I believe that at least part of the reason for those scaling coefficients is that L² regularization probably entered the field of deep learning through the introduction of the related, but not identical, concept of weight decay.

The 0.5 factor is then there to get a nice λ-only coefficient for the weight decay in the gradient, and the scaling by m... well, there are at least 5 different motivations that I have found or came up with:

  1. A side-effect of batch gradient descent: When a single iteration of gradient descent is instead formalized over the entire training set, resulting in the algorithm sometimes called batch gradient descent, the scaling factor of 1/m, introduced to make the cost function comparable across different size datasets, gets automatically applied to the weight decay term.
  2. Rescale to the weight of a single example: See grez's interesting intuition.

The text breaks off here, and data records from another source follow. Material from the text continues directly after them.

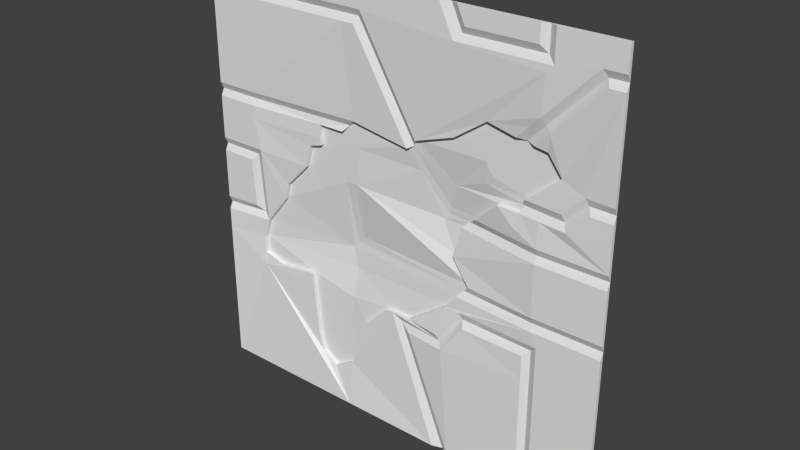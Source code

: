 # Source: exec3_1d.blend  (saved by Blender 2.76.0; exported with 4.5.12 LTS)
import bpy
from mathutils import Matrix  # noqa: F401  (used for matrix-valued properties, if any)

bpy.ops.wm.read_factory_settings(use_empty=True)
scene = bpy.context.scene
scene.name = 'Scene'

# ---- collections
col_collection_1 = bpy.data.collections.new('Collection 1'); scene.collection.children.link(col_collection_1)

# ---- materials (node trees are filled in below, after node groups)
mat_exec3_1d = bpy.data.materials.new('exec3_1d')
mat_exec3_1d.alpha_threshold = 0.0
mat_exec3_1d.use_transparent_shadow = False
mat_exec3_1d.roughness = 0.5
mat_exec3_1d.specular_intensity = 0.0

# ---- material node trees

# ---- world
world_world = bpy.data.worlds.new('World'); scene.world = world_world
world_world.color = (0.05088, 0.05088, 0.05088)
world_world.use_sun_shadow = False
world_world.sun_shadow_jitter_overblur = 0.0
world_world.cycles.sampling_method = 'MANUAL'
world_world.cycles.sample_map_resolution = 256

# ---- meshes
me_exec3_1d = bpy.data.meshes.new('exec3_1d')
me_exec3_1d.from_pydata([(-1.28, 1.28, -1.28), (1.28, 1.28, -1.28), (-1.28, 1.28, 1.28), (1.28, 1.28, 1.28), (0.8801, 1.28, -1.28), (0.8801, 1.28, 1.28), (-0.3398, 1.28, 1.28), (-0.3398, 1.28, -1.28), (-1.28, 1.28, -0.2397), (1.28, 1.28, -0.2397), (0.8801, 1.26, -0.1997), (-1.28, 1.28, -0.3999), (1.28, 1.28, -0.3999), (0.8401, 1.26, -0.4399), (-1.28, 1.28, -0.5799), (1.28, 1.28, -0.5799), (0.8401, 1.26, -0.5799), (1.28, 1.28, 0.1401), (0.8801, 1.26, 0.1001), (-1.28, 1.28, 0.1401), (1.28, 1.28, 0.36), (0.8801, 1.285, 0.4), (-1.28, 1.28, 0.36), (1.28, 1.28, 0.4801), (0.8801, 1.294, 0.4801), (-0.2998, 1.294, 0.5201), (-1.28, 1.28, 0.4801), (0.8401, 1.26, 1.18), (-1.28, 1.28, 1.1), (1.28, 1.28, 1.1), (-0.3398, 1.28, 1.1), (-1.02, 1.28, 1.28), (-1.02, 1.28, -1.28), (-1.06, 1.278, -0.1997), (-1.06, 1.26, 0.1001), (-1.02, 1.26, 0.5201), (-1.02, 1.26, 1.06), (0.095, 1.32, 0.4801), (-0.2568, 1.26, 1.06), (1.195, 1.26, 1.06), (0.9084, 1.281, 0.7731), (1.138, 1.285, 0.4801), (1.001, 1.272, 0.4), (0.08608, 1.285, -0.6199), (0.3412, 1.28, -1.28), (0.3412, 1.28, 1.28), (0.3267, 1.26, -0.6199), (0.3412, 1.28, 1.28), (0.4316, 1.26, 1.18), (0.4621, 1.269, -0.4399), (-1.28, 1.26, -0.5799), (-1.28, 1.26, -1.28), (0.9201, 1.26, -1.28), (1.28, 1.26, -1.28), (1.28, 1.26, 1.28), (-1.02, 1.26, 1.28), (-1.28, 1.26, 1.28), (0.9201, 1.26, 1.28), (0.9201, 1.26, 1.1), (0.2812, 1.26, 1.28), (-0.3398, 1.26, 1.28), (-1.02, 1.26, -1.28), (-0.3398, 1.26, -1.28), (1.28, 1.26, -0.3999), (1.28, 1.26, -0.2797), (0.9201, 1.26, -0.3599), (0.8801, 1.26, -0.2797), (-0.9803, 1.294, -0.2797), (-1.28, 1.26, -0.2797), (-1.28, 1.26, -0.3999), (1.28, 1.26, -0.5799), (0.9201, 1.26, -0.5799), (0.4222, 1.284, -0.3599), (-1.02, 1.294, -0.3999), (-1.02, 1.286, -0.5799), (-0.03595, 1.295, -0.5399), (-1.28, 1.26, 0.36), (-1.28, 1.26, 0.1801), (-0.9803, 1.26, 0.1801), (1.28, 1.26, 0.1801), (0.8801, 1.264, 0.1801), (1.28, 1.26, 0.36), (0.8801, 1.278, 0.32), (-1.28, 1.26, 0.4401), (-1.02, 1.26, 0.36), (1.038, 1.26, 0.32), (1.28, 1.26, 0.4401), (-0.3798, 1.294, 0.4401), (-1.02, 1.26, 0.4401), (1.28, 1.26, 1.14), (0.8801, 1.26, 1.06), (-0.3398, 1.26, 1.14), (0.366, 1.26, 1.1), (-1.28, 1.26, 1.14), (0.8601, 1.268, 0.8413), (1.159, 1.26, 1.14), (-0.2127, 1.26, 1.14), (-1.02, 1.26, 1.14), (0.115, 1.296, 0.5201), (1.158, 1.261, 0.4401), (0.2867, 1.265, -0.5399), (0.2812, 1.26, -1.28), (0.387, 1.26, -1.28), (0.8801, 1.28, 1.14), (0.8401, 1.26, -1.28), (-1.28, 1.26, 0.1001), (-1.28, 1.26, -0.1997), (0.8401, 1.26, 1.28), (-1.02, 1.31, -0.2397), (0.8801, 1.28, -0.2397), (0.8801, 1.28, -0.5799), (1.28, 1.26, -0.1997), (0.8801, 1.28, -0.3999), (1.28, 1.26, 0.1001), (-1.02, 1.28, 0.1401), (0.8801, 1.281, 0.1401), (1.018, 1.285, 0.36), (0.8801, 1.301, 0.36), (-0.3398, 1.315, 0.4801), (-1.28, 1.26, 1.06), (-1.02, 1.28, 0.4801), (-1.28, 1.26, 0.5201), (-0.2327, 1.28, 1.1), (1.28, 1.26, 0.5201), (1.28, 1.26, 1.06), (-0.3398, 1.26, 1.06), (-1.02, 1.28, 1.1), (0.05964, 1.299, 0.4614), (1.179, 1.28, 1.1), (0.8801, 1.295, 0.8013), (1.121, 1.271, 0.5201), (0.3067, 1.281, -0.5799), (0.02405, 1.307, -0.5799), (0.4422, 1.297, -0.3999), (0.406, 1.28, 1.14), (0.387, 1.26, 1.28), (0.7922, 1.284, 0.7734), (0.5524, 1.294, 0.7368), (0.36, 1.294, 0.6039), (-0.6548, 1.294, 0.1584), (-0.5425, 1.294, 0.4401), (-0.4212, 1.31, 0.4801), (-0.5402, 1.294, 0.36), (-0.539, 1.294, 0.317), (-0.616, 1.294, 0.296), (-0.8049, 1.294, 0.005679), (-0.8294, 1.294, -0.09227), (-0.3398, 1.294, -1.005), (-0.0848, 1.297, -0.5463), (-0.6344, 1.294, -0.5799), (-1.02, 1.294, -0.5051), (-0.2487, 1.294, -0.7115), (-0.8819, 1.294, -0.5436), (-0.6405, 1.297, -0.5156), (-0.6055, 1.294, -0.8864), (-0.5705, 1.294, -1.019), (-0.4726, 1.294, -1.082), (0.4735, 1.33, 0.1801), (0.7833, 1.294, 0.4), (0.3845, 1.344, 0.1001), (0.8987, 1.294, 0.6725), (0.43, 1.359, 0.1401), (0.8199, 1.294, 0.6845), (0.7187, 1.294, 0.7), (0.4336, 1.317, -0.2397), (0.7708, 1.315, 0.692), (0.3987, 1.295, -0.2797), (0.4685, 1.298, -0.1997), (0.7594, 1.294, 0.32), (0.6259, 1.298, 0.32), (0.3243, 1.294, -0.3651), (0.08367, 1.294, -0.5399), (0.7713, 1.315, 0.36), (0.346, 1.326, -0.07128), (0.7343, 1.284, 0.2366), (0.9792, 1.294, 0.5654), (0.4337, 1.321, -0.2397), (-0.3397, 1.379, -0.2397), (0.2949, 1.377, 0.1801), (0.2749, 1.379, 0.1401), (-0.3797, 1.376, -0.2797), (-0.3397, 1.324, 0.1401), (-0.3797, 1.324, 0.1401), (0.2508, 1.377, 0.1001), (-0.2997, 1.324, 0.1401), (-0.3397, 1.319, 0.36), (0.1232, 1.345, 0.3413), (-0.2997, 1.319, 0.36), (-0.3397, 1.319, 0.4801), (0.05974, 1.323, 0.4614), (-0.2997, 1.319, 0.5201), (-0.3797, 1.319, 0.4401), (0.4389, 1.341, 0.36), (0.3389, 1.357, 0.32), (0.5389, 1.319, 0.5201), (0.5589, 1.319, 0.4801), (0.4301, 1.363, 0.1401), (0.1151, 1.321, 0.5201), (0.09511, 1.324, 0.4801), (0.1586, 1.346, 0.36), (0.8802, 1.319, 0.4801), (0.5872, 1.319, 0.4518), (0.7714, 1.319, 0.36), (0.1786, 1.34, 0.4), (-0.3397, 1.362, -0.3999), (0.3988, 1.319, -0.2797), (-0.3397, 1.329, -0.5799), (0.3244, 1.319, -0.3651), (-0.3397, 1.319, -1.005), (-0.0847, 1.322, -0.5463), (-0.3797, 1.319, 0.36), (-0.9802, 1.319, -0.2797), (-1.02, 1.319, -0.3999), (-1.02, 1.319, -0.5051), (0.4736, 1.355, 0.1801), (0.626, 1.323, 0.32), (0.08377, 1.319, -0.5399), (-0.03585, 1.32, -0.5399), (0.4686, 1.323, -0.1997), (-0.2997, 1.376, -0.1997), (0.3846, 1.369, 0.1001), (0.7834, 1.319, 0.4), (0.5354, 1.326, 0.4), (0.5525, 1.319, 0.7368), (0.3601, 1.319, 0.6039), (-0.6547, 1.319, 0.1584), (-0.5424, 1.319, 0.4401), (-0.5401, 1.319, 0.36), (-0.5389, 1.319, 0.317), (-0.6159, 1.319, 0.296), (-0.8048, 1.319, 0.005682), (-0.8293, 1.319, -0.09227), (-0.6343, 1.319, -0.5799), (-0.2486, 1.319, -0.7115), (-0.8818, 1.319, -0.5435), (-0.6404, 1.321, -0.5156), (-0.6054, 1.319, -0.8864), (-0.5704, 1.319, -1.019), (-0.4725, 1.319, -1.082), (0.8988, 1.319, 0.6725), (0.82, 1.319, 0.6845), (0.7188, 1.319, 0.7), (0.7709, 1.319, 0.692), (0.7595, 1.319, 0.32), (0.3461, 1.351, -0.07128), (0.9793, 1.319, 0.5654)], [(5, 45)], [(31, 2, 56, 55), (11, 14, 50, 69), (20, 23, 86, 81), (152, 153, 235, 234), (6, 31, 55, 60), (15, 12, 63, 70), (146, 67, 211, 231), (26, 22, 76, 83), (122, 37, 98, 96), (134, 47, 59, 92), (108, 8, 68, 67), (30, 122, 96, 91), (9, 109, 66, 64), (169, 168, 243, 215), (10, 111, 113, 18), (164, 167, 218, 176), (168, 172, 202, 243), (115, 17, 79, 80), (67, 73, 212, 211), (145, 146, 231, 230), (21, 42, 130, 24), (19, 114, 78, 77), (132, 131, 100, 171, 75), (5, 103, 58, 57), (24, 130, 123, 124, 39, 40, 160, 175), (25, 127, 38, 125), (35, 25, 125, 36), (121, 35, 36, 119), (44, 132, 75, 101), (32, 7, 62, 61), (129, 128, 95, 94), (106, 33, 34, 105), (54, 57, 58, 90, 95, 89), (118, 141, 140, 87), (1, 15, 70, 53), (126, 30, 91, 97), (117, 172, 168, 82), (87, 140, 226, 191), (40, 162, 160), (156, 147, 208, 238), (14, 0, 51, 50), (173, 159, 220, 244), (43, 102, 104, 16, 46), (49, 46, 16, 13), (135, 48, 27, 107), (170, 166, 205, 207), (98, 37, 198, 197), (65, 63, 64, 66), (71, 70, 63, 65), (162, 165, 242, 240), (74, 149, 153, 152, 150), (61, 62, 147, 156, 155, 154, 149, 74), (62, 101, 75, 148, 151, 147), (52, 53, 70, 71), (67, 146, 145, 139, 78), (78, 139, 144, 143, 142, 84), (80, 79, 81, 85, 82), (84, 142, 140, 88), (2, 28, 93, 56), (76, 84, 88, 83), (77, 78, 84, 76), (51, 61, 74, 50), (50, 74, 150, 73, 69), (69, 73, 67, 68), (144, 139, 225, 229), (153, 149, 232, 235), (96, 98, 138, 137, 136, 94, 90), (94, 95, 90), (99, 85, 81, 86), (4, 1, 53, 52), (23, 41, 99, 86), (120, 26, 83, 88), (140, 142, 227, 226), (110, 4, 52, 71), (47, 6, 60, 59), (3, 54, 89, 29), (7, 44, 101, 62), (3, 5, 57, 54), (41, 116, 85, 99), (114, 108, 67, 78), (12, 9, 64, 63), (133, 112, 65, 72), (22, 19, 77, 76), (109, 164, 166, 66), (131, 133, 72, 100), (103, 134, 92, 58), (172, 158, 221, 202), (17, 20, 81, 79), (112, 110, 71, 65), (0, 32, 61, 51), (8, 11, 69, 68), (28, 126, 97, 93), (116, 117, 82, 85), (128, 29, 89, 95), (92, 59, 60, 55, 56, 93, 97, 91, 96, 90, 58), (104, 102, 44, 4), (107, 27, 103, 5), (106, 105, 19, 8), (33, 106, 8, 108), (10, 167, 164, 109), (111, 10, 109, 9), (13, 16, 110, 112), (16, 104, 4, 110), (113, 111, 9, 17), (161, 157, 214, 196), (105, 34, 114, 19), (18, 113, 17, 115), (157, 169, 215, 214), (42, 21, 117, 116), (24, 175, 245, 200), (121, 119, 28, 26), (35, 121, 26, 120), (124, 123, 23, 29), (125, 38, 122, 30), (119, 36, 126, 28), (25, 141, 118), (36, 125, 30, 126), (34, 33, 108, 114), (75, 171, 216, 217), (138, 98, 197, 224), (147, 151, 233, 208), (38, 127, 37, 122), (39, 124, 29, 128), (21, 158, 172, 117), (154, 155, 237, 236), (158, 24, 200, 221), (40, 39, 128, 129), (123, 130, 41, 23), (130, 42, 116, 41), (43, 46, 131, 132), (102, 43, 132, 44), (49, 13, 112, 133), (135, 107, 5, 47), (27, 48, 134, 103), (48, 135, 47, 134), (46, 49, 133, 131), (185, 188, 191, 210), (136, 137, 163), (163, 137, 223, 241), (141, 25, 35, 120), (140, 141, 120, 88), (159, 161, 196, 220), (25, 118, 188, 190), (137, 138, 224, 223), (142, 143, 228, 227), (149, 154, 236, 232), (170, 171, 100, 72), (163, 165, 129, 94, 136), (150, 152, 234, 213), (127, 25, 190, 189), (160, 162, 240, 239), (165, 163, 241, 242), (159, 173, 167, 10, 18), (24, 158, 21), (169, 157, 80, 82, 168, 174), (174, 168, 169), (157, 161, 115, 80), (165, 162, 40, 129), (161, 159, 18, 115), (175, 160, 239, 245), (166, 170, 72, 65, 66), (73, 150, 213, 212), (37, 127, 189, 198), (199, 179, 178, 203), (219, 218, 244, 220, 183, 184), (179, 196, 214, 178), (184, 183, 186, 187), (177, 181, 182, 180), (187, 186, 189, 190), (195, 242, 241, 194), (201, 222, 221, 200), (198, 199, 203, 197), (212, 204, 180, 211), (204, 207, 205, 180), (206, 209, 217, 216, 207, 204), (203, 178, 214, 215, 193), (197, 203, 193, 194), (192, 195, 194, 193), (181, 185, 210, 182), (219, 184, 181, 177), (184, 187, 185, 181), (187, 190, 188, 185), (183, 220, 196, 179), (186, 183, 179, 199), (189, 186, 199, 198), (201, 240, 242, 195), (222, 201, 195, 192), (227, 228, 229, 225, 182, 210), (225, 230, 231, 211, 180, 182), (226, 227, 210, 191), (208, 233, 209, 206), (213, 234, 235, 232, 206, 204, 212), (232, 236, 237, 238, 208, 206), (176, 218, 219, 177), (202, 221, 222, 192), (239, 240, 201, 200), (241, 223, 224, 197, 194), (205, 176, 177, 180), (243, 202, 192, 193, 215), (245, 239, 200), (118, 87, 191, 188), (143, 144, 229, 228), (148, 75, 217, 209), (166, 164, 176, 205), (167, 173, 244, 218), (171, 170, 207, 216), (155, 156, 238, 237), (151, 148, 209, 233), (139, 145, 230, 225)])
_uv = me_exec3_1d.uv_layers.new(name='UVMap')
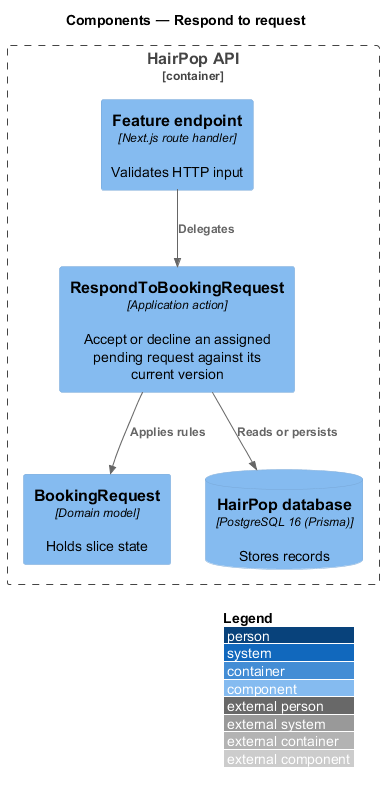

The diagram above was rendered by PlantUML. Its source (embedded in the PNG):
@startuml
!include <C4/C4_Component>
LAYOUT_WITH_LEGEND()
title Components — Respond to request
Container_Boundary(api, "HairPop API") {
  Component(endpoint, "Feature endpoint", "Next.js route handler", "Validates HTTP input")
  Component(action, "RespondToBookingRequest", "Application action", "Accept or decline an assigned pending request against its current version")
  Component(model, "BookingRequest", "Domain model", "Holds slice state")
  ComponentDb(db, "HairPop database", "PostgreSQL 16 (Prisma)", "Stores records")
}
Rel(endpoint, action, "Delegates")
Rel(action, model, "Applies rules")
Rel(action, db, "Reads or persists")
@enduml

  3. Training set representativeness: It makes sense to scale down regularization as the size of the training set grows, as statistically, its representativeness of the overall distribution also grows. Basically, the more data we have, the less regularization is needed.
  4. Making λ comparable: By hopefully mitigating the need to change λ when m changes, this scaling makes λ itself comparable across different size datasets. This make λ a more representative estimator of the actual degree of regularization required by a specific model on a specific learning problem.
  5. Empirical value: The great notebook by grez demonstrates that this improves performance in practice.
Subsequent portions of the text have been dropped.